Task statement: Scan the material for the word "name" and copy each line where it occurs.

Raw data:
================

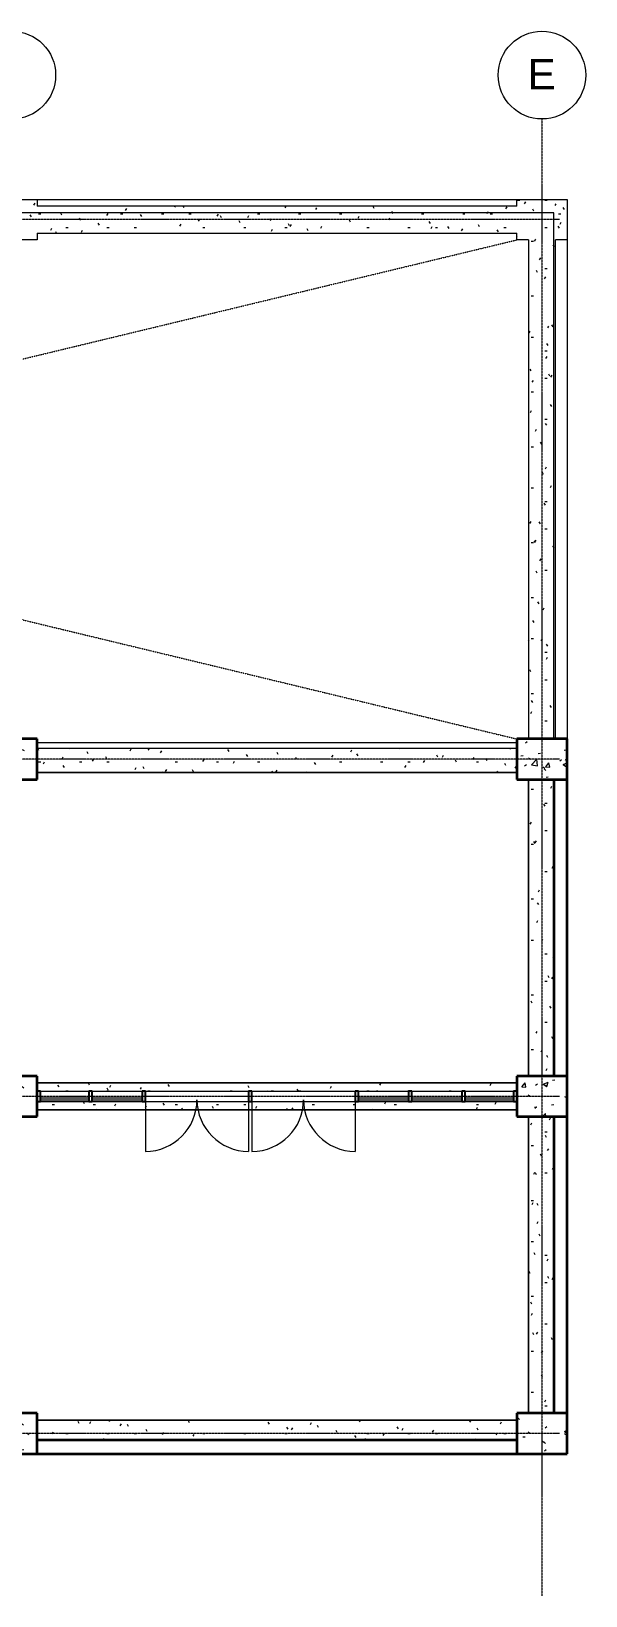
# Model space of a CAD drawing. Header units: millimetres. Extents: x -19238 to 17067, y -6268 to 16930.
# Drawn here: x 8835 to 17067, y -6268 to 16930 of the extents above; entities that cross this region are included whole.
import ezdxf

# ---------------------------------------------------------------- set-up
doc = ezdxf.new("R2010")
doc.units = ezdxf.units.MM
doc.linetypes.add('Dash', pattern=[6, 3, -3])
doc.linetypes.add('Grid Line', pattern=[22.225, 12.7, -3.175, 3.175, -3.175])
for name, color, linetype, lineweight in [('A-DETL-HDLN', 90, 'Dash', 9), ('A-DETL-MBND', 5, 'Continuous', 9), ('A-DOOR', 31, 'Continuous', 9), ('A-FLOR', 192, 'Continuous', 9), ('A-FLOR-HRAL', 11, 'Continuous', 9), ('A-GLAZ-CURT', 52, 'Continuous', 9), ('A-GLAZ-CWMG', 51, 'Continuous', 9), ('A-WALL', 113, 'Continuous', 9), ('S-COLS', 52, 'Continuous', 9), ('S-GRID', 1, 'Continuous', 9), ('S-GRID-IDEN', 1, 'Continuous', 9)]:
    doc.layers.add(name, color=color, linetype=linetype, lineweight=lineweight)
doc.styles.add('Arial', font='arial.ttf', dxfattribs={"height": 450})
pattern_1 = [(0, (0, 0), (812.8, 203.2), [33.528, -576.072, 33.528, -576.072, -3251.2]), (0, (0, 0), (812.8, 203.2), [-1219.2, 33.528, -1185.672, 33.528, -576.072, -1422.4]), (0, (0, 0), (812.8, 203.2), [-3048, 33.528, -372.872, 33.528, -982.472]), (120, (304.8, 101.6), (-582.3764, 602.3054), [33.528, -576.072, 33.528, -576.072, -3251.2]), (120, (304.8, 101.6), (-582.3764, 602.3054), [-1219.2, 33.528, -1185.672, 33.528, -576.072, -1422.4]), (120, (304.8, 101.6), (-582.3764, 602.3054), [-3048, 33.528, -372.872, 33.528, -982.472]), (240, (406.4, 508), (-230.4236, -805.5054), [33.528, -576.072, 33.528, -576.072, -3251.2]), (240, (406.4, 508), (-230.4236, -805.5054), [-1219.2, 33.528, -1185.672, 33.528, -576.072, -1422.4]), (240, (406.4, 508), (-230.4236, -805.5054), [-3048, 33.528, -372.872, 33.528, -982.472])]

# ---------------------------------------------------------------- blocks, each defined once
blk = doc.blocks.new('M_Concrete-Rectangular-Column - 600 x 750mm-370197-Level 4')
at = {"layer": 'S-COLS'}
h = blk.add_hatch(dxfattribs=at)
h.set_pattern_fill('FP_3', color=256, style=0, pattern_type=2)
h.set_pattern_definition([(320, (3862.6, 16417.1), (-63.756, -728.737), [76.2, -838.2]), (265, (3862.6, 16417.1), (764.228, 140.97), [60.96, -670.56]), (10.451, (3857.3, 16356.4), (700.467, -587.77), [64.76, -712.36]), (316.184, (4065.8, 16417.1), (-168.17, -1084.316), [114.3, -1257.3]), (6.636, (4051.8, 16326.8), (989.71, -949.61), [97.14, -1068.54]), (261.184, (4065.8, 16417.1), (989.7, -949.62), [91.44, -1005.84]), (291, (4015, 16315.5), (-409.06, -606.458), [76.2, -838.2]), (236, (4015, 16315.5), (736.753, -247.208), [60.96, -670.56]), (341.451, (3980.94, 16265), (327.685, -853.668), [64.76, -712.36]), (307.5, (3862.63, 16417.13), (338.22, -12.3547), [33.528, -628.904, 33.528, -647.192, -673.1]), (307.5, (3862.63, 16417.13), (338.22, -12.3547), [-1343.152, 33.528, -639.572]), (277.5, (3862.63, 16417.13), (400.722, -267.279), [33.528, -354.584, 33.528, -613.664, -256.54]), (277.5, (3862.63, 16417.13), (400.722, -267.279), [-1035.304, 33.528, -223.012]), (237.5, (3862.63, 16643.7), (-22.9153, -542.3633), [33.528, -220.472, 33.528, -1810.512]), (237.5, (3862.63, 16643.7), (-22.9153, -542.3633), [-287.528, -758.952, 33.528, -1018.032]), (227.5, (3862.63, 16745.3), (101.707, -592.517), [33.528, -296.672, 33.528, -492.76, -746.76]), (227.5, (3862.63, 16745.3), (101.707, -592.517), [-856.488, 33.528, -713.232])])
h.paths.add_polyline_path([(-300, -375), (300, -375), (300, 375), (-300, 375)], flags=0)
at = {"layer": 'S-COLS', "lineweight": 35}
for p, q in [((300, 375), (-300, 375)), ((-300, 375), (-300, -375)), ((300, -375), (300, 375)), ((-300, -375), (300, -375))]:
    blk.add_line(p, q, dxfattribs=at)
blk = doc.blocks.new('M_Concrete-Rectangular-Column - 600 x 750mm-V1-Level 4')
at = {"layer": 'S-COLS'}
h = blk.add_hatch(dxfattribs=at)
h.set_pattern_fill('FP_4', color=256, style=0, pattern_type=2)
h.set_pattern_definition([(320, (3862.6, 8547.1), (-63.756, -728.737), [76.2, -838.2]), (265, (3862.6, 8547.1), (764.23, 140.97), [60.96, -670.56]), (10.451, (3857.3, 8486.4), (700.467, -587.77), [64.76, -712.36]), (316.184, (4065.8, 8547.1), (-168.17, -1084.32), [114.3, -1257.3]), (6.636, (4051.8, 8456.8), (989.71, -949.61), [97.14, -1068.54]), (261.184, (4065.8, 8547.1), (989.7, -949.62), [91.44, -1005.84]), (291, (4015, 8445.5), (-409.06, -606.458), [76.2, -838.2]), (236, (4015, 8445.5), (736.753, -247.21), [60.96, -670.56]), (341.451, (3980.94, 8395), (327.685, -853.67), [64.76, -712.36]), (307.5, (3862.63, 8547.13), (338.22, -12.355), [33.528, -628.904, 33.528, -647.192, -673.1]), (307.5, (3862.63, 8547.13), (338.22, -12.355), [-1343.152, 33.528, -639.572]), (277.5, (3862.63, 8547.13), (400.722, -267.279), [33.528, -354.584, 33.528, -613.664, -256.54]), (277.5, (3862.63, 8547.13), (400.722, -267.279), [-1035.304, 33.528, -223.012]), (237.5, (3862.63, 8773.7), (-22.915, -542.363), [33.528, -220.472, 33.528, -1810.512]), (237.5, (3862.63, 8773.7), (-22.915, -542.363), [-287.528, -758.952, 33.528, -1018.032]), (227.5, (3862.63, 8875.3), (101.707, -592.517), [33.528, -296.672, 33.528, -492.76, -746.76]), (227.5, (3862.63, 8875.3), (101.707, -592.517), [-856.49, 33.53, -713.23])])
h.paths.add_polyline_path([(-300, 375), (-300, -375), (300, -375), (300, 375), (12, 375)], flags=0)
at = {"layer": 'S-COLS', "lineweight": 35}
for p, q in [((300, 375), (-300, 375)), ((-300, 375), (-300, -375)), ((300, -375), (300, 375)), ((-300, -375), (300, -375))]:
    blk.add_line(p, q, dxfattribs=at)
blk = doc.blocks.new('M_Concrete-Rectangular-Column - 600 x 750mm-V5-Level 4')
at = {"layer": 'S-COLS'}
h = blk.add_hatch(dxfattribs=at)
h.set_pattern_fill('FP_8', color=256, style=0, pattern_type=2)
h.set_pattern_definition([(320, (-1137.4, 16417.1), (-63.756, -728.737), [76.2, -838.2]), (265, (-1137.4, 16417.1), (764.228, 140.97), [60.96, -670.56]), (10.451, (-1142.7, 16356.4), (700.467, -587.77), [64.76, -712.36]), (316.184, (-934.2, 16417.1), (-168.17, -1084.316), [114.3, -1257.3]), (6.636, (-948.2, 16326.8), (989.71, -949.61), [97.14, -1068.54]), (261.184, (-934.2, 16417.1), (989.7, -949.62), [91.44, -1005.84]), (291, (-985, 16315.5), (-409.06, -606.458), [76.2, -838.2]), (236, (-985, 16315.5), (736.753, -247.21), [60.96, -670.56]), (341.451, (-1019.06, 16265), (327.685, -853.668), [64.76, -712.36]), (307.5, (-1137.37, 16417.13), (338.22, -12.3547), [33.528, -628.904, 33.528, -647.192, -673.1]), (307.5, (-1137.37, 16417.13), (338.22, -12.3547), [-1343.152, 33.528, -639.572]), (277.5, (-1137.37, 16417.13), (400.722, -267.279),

================

Written response:
for name, color, linetype, lineweight in [('A-DETL-HDLN', 90, 'Dash', 9), ('A-DETL-MBND', 5, 'Continuous', 9), ('A-DOOR', 31, 'Continuous', 9), ('A-FLOR', 192, 'Continuous', 9), ('A-FLOR-HRAL', 11, 'Continuous', 9), ('A-GLAZ-CURT', 52, 'Continuous', 9), ('A-GLAZ-CWMG', 51, 'Continuous', 9), ('A-WALL', 113, 'Continuous', 9), ('S-COLS', 52, 'Continuous', 9), ('S-GRID', 1, 'Continuous', 9), ('S-GRID-IDEN', 1, 'Continuous', 9)]:
    doc.layers.add(name, color=color, linetype=linetype, lineweight=lineweight)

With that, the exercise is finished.